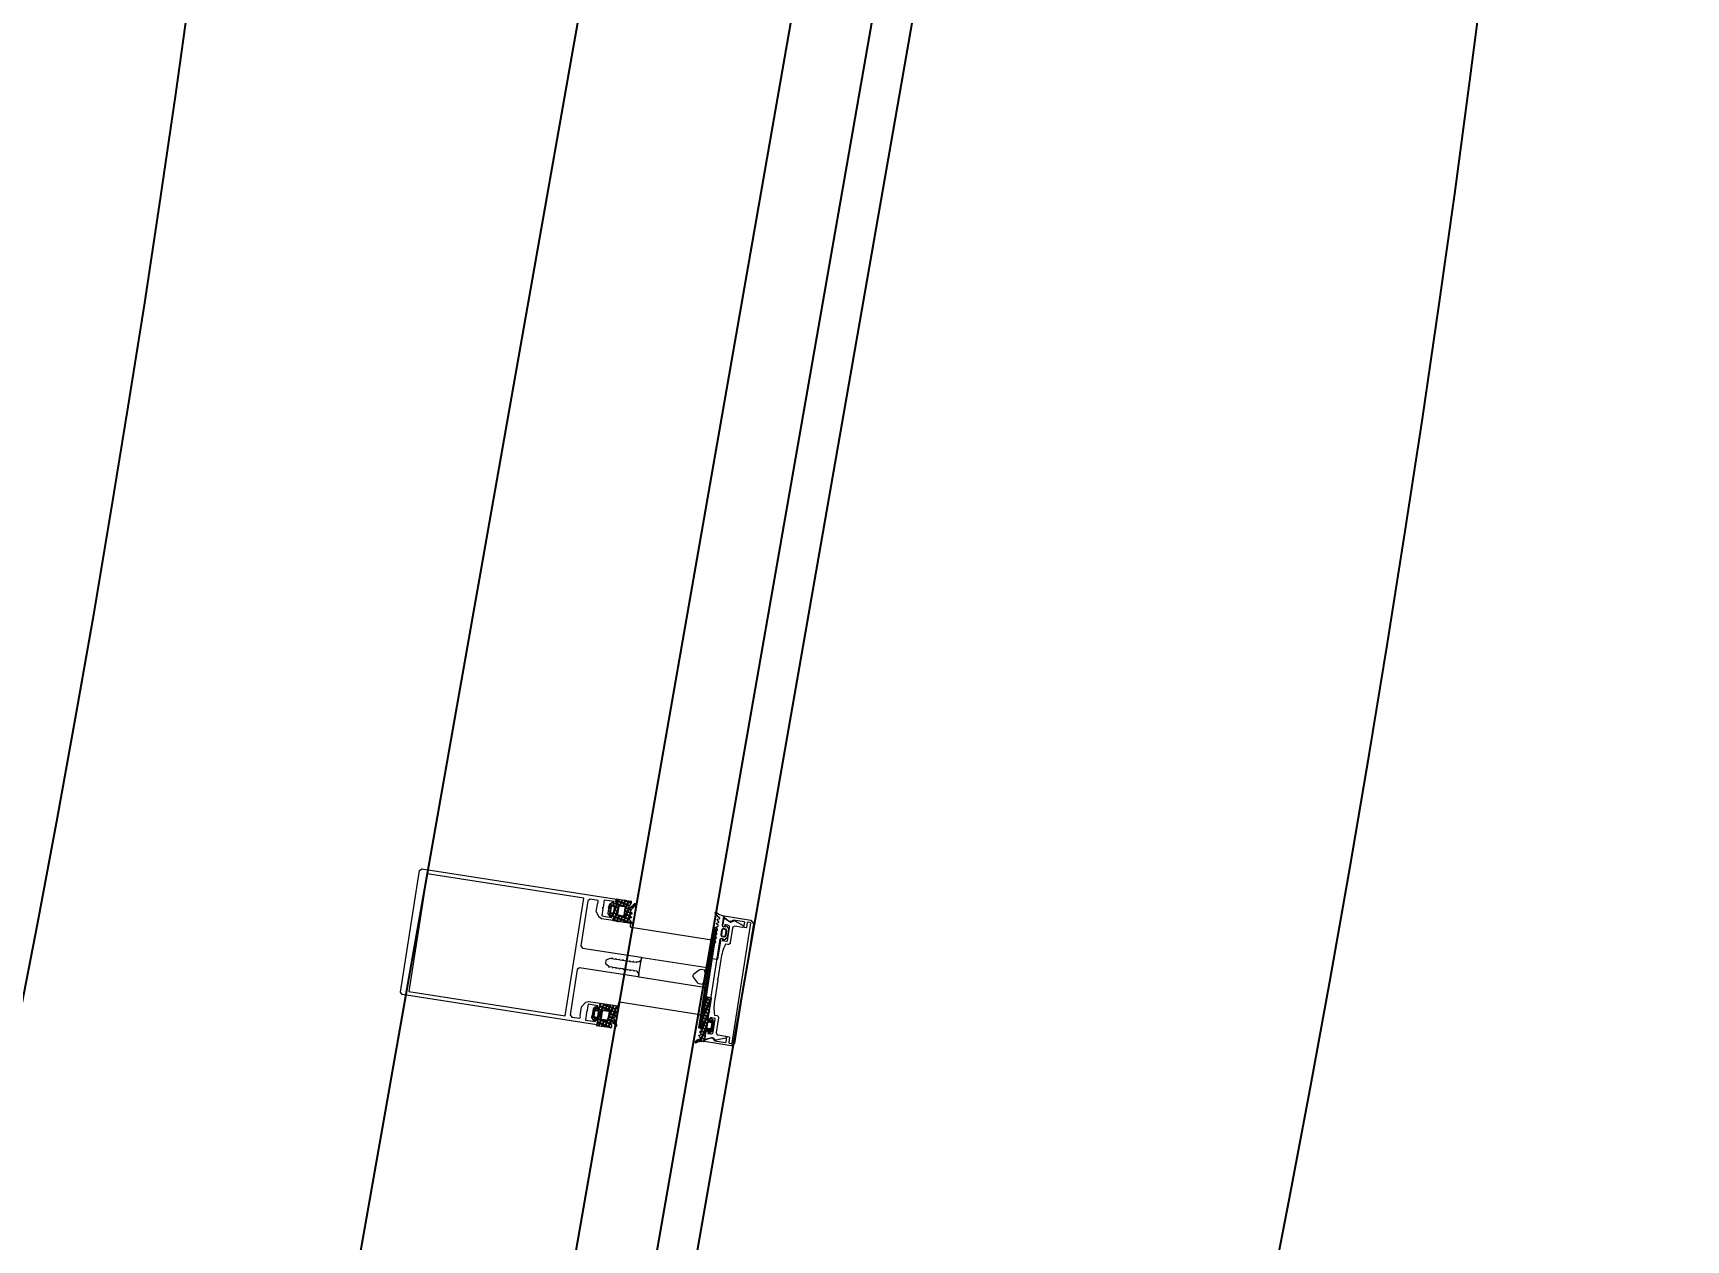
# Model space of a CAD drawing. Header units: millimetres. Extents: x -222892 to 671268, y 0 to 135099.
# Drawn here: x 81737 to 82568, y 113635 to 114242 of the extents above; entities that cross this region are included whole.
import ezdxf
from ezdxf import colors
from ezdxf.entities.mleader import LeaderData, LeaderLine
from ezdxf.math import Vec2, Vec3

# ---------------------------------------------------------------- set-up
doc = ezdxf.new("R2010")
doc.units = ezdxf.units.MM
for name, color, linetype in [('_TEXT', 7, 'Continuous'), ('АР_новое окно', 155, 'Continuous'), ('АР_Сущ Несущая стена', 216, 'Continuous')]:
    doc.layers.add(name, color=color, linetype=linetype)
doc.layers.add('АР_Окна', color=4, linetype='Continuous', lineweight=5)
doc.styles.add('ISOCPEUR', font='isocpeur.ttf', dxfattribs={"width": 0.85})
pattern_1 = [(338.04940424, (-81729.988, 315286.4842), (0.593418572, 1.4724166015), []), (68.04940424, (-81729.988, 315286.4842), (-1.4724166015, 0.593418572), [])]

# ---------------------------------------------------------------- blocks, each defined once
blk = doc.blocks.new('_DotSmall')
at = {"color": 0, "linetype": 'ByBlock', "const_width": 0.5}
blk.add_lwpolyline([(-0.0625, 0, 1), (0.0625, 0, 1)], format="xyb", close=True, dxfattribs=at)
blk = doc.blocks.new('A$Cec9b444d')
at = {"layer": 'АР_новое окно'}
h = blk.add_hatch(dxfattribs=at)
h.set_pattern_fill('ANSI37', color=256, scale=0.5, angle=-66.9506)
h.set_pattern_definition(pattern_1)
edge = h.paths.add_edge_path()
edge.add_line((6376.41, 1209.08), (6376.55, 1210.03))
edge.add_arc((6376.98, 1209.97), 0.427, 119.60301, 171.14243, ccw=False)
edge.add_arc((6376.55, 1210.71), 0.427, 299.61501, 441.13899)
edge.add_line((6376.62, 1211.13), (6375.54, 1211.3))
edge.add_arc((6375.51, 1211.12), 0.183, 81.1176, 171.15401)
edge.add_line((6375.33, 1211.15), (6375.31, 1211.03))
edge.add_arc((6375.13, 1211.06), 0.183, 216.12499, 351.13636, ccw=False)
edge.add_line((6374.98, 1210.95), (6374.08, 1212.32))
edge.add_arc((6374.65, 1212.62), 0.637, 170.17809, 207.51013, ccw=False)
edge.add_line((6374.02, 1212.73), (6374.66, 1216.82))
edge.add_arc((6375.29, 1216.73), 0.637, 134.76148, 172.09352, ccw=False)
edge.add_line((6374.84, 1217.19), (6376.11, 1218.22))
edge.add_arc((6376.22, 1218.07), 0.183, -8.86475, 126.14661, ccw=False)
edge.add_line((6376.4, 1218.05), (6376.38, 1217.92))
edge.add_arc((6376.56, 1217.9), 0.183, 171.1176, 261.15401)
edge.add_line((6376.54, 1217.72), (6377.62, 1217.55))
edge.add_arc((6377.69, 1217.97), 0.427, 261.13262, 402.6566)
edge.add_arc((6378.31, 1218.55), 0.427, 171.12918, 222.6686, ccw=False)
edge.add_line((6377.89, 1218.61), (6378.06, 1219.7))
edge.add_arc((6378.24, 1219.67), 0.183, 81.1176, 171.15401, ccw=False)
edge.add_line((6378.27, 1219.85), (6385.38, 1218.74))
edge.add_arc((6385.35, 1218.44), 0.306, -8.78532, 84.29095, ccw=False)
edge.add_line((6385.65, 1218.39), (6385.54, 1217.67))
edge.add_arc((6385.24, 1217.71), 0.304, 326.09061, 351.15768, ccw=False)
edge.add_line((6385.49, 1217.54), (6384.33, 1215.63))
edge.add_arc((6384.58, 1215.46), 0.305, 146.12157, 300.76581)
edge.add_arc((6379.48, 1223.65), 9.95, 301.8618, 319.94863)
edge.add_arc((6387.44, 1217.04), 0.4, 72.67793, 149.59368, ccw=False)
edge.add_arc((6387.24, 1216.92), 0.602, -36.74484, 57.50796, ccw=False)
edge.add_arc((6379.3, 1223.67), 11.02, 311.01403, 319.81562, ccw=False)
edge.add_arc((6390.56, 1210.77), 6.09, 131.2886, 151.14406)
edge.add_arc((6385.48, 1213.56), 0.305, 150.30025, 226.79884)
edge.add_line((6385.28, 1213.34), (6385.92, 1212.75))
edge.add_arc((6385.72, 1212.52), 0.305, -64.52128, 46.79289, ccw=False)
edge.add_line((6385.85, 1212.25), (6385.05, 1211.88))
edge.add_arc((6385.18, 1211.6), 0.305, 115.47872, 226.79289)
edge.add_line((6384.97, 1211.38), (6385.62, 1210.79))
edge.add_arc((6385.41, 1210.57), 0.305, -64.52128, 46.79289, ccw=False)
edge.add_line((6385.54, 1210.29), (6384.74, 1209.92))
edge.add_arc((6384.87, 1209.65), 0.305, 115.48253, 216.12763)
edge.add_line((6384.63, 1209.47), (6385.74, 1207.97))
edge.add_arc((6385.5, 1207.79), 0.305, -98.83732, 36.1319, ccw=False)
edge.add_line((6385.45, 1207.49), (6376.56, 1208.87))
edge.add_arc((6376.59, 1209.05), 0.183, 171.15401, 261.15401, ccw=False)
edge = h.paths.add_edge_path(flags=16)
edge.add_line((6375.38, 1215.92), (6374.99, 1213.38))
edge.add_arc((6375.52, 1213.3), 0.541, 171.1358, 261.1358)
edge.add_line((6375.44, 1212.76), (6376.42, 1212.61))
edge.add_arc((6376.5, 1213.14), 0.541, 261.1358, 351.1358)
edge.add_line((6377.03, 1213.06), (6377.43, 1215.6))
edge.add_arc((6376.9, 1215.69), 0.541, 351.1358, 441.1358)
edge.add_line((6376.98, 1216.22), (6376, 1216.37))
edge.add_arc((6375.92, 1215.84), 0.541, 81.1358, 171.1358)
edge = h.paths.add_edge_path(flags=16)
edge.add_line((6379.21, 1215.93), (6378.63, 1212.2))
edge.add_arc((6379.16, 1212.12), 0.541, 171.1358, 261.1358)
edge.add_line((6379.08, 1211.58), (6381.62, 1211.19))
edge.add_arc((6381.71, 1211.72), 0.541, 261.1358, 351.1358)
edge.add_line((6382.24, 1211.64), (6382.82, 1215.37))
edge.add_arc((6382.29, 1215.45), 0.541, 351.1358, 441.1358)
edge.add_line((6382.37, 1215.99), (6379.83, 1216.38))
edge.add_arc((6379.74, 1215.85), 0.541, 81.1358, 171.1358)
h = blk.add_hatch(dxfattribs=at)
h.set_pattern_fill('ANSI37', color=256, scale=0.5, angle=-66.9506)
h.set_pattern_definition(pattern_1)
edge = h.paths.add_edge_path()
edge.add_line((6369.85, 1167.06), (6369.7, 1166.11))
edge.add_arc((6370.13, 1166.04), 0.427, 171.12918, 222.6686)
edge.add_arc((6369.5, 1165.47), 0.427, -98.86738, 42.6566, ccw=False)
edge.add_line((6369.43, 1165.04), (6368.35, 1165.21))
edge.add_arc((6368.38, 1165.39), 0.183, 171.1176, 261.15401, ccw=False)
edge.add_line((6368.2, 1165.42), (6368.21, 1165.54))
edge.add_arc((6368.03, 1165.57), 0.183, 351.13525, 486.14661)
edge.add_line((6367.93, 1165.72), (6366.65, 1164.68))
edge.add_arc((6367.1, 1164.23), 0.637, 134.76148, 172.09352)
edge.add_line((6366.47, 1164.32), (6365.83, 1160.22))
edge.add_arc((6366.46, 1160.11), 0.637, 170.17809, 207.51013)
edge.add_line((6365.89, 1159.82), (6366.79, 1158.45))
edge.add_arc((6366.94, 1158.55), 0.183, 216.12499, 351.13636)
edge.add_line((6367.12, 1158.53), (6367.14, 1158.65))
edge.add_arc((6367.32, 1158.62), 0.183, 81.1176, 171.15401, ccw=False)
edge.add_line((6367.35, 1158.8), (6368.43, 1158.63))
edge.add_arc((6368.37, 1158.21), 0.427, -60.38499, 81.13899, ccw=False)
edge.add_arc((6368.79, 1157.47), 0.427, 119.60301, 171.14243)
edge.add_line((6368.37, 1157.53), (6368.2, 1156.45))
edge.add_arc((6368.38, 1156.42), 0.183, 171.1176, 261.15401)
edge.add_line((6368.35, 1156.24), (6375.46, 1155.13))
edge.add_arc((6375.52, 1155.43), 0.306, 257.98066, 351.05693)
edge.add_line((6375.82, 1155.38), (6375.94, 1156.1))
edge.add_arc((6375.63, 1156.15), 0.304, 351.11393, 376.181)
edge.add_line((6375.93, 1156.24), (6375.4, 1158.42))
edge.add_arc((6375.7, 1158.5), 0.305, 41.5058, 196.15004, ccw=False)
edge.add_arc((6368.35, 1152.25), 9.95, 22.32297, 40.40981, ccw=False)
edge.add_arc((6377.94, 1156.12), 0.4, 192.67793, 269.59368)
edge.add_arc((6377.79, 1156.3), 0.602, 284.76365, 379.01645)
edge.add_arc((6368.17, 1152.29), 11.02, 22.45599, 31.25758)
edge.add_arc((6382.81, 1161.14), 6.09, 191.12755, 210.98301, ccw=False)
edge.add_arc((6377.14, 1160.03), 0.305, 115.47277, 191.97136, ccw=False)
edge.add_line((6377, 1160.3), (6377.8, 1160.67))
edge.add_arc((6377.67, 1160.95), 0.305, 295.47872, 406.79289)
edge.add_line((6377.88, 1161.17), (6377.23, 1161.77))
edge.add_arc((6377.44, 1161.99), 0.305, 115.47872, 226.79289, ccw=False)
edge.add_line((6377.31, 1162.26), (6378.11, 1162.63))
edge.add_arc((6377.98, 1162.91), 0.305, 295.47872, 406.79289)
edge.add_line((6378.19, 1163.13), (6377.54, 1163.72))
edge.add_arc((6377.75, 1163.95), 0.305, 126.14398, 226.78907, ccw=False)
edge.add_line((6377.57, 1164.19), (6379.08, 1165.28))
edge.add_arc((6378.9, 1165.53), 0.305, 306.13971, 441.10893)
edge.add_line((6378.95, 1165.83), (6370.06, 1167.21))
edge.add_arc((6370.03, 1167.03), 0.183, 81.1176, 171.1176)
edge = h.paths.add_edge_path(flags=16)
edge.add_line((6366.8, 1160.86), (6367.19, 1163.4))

YOUR ASSIGNMENT:
Copy out the range of lines above starting at the line with "edge.add_line((6376.54, 1217.72), (6377.62, 1217.55))" and ending at the line with "edge.add_line((6385.65, 1218.39), (6385.54, 1217.67))", exactly and including both.

RESPONSE BELOW:
edge.add_line((6376.54, 1217.72), (6377.62, 1217.55))
edge.add_arc((6377.69, 1217.97), 0.427, 261.13262, 402.6566)
edge.add_arc((6378.31, 1218.55), 0.427, 171.12918, 222.6686, ccw=False)
edge.add_line((6377.89, 1218.61), (6378.06, 1219.7))
edge.add_arc((6378.24, 1219.67), 0.183, 81.1176, 171.15401, ccw=False)
edge.add_line((6378.27, 1219.85), (6385.38, 1218.74))
edge.add_arc((6385.35, 1218.44), 0.306, -8.78532, 84.29095, ccw=False)
edge.add_line((6385.65, 1218.39), (6385.54, 1217.67))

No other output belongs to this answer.